The answer must reproduce all of the data below exactly and contain no images.
━━ DATA FOR THIS TASK
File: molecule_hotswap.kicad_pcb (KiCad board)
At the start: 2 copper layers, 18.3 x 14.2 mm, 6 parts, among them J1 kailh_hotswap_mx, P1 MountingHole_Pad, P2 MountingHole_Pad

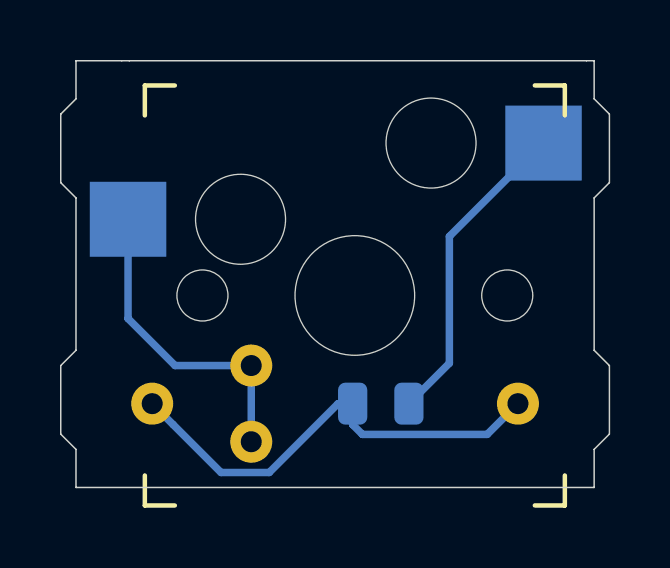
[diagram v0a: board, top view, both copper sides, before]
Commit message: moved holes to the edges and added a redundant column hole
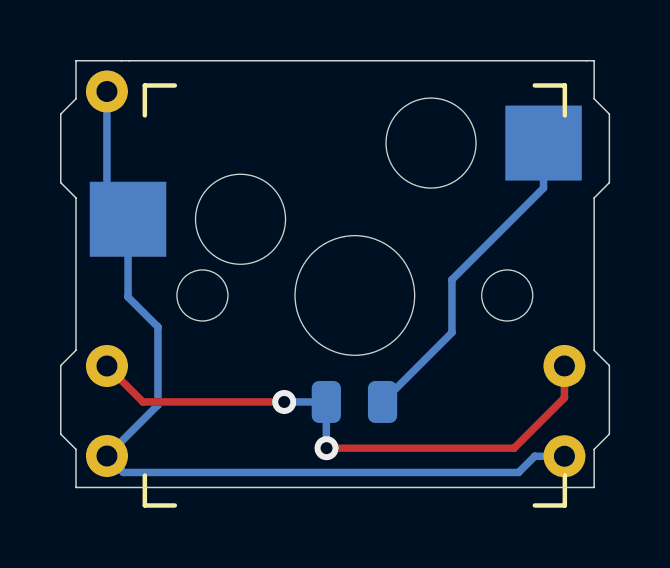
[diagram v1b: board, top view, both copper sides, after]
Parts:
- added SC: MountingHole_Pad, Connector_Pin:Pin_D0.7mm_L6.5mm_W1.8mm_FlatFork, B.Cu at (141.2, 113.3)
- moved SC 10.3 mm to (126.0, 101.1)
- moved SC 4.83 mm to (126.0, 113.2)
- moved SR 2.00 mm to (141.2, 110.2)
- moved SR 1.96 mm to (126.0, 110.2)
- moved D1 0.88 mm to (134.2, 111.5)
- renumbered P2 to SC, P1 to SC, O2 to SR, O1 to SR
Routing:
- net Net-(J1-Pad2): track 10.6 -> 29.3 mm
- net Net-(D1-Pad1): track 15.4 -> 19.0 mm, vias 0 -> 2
━━━━
SOLVED PROBLEM →
File: molecule_hotswap.kicad_pcb (KiCad board)
At the start: 2 copper layers, 18.3 x 14.2 mm, 6 parts, among them J1 kailh_hotswap_mx, P1 MountingHole_Pad, P2 MountingHole_Pad

[diagram v0a: board, top view, both copper sides, before]
Commit message: moved holes to the edges and added a redundant column hole
[diagram v1b: board, top view, both copper sides, after]
Parts:
- added SC: MountingHole_Pad, Connector_Pin:Pin_D0.7mm_L6.5mm_W1.8mm_FlatFork, B.Cu at (141.2, 113.3)
- moved SC 10.3 mm to (126.0, 101.1)
- moved SC 4.83 mm to (126.0, 113.2)
- moved SR 2.00 mm to (141.2, 110.2)
- moved SR 1.96 mm to (126.0, 110.2)
- moved D1 0.88 mm to (134.2, 111.5)
- renumbered P2 to SC, P1 to SC, O2 to SR, O1 to SR
Routing:
- net Net-(J1-Pad2): track 10.6 -> 29.3 mm
- net Net-(D1-Pad1): track 15.4 -> 19.0 mm, vias 0 -> 2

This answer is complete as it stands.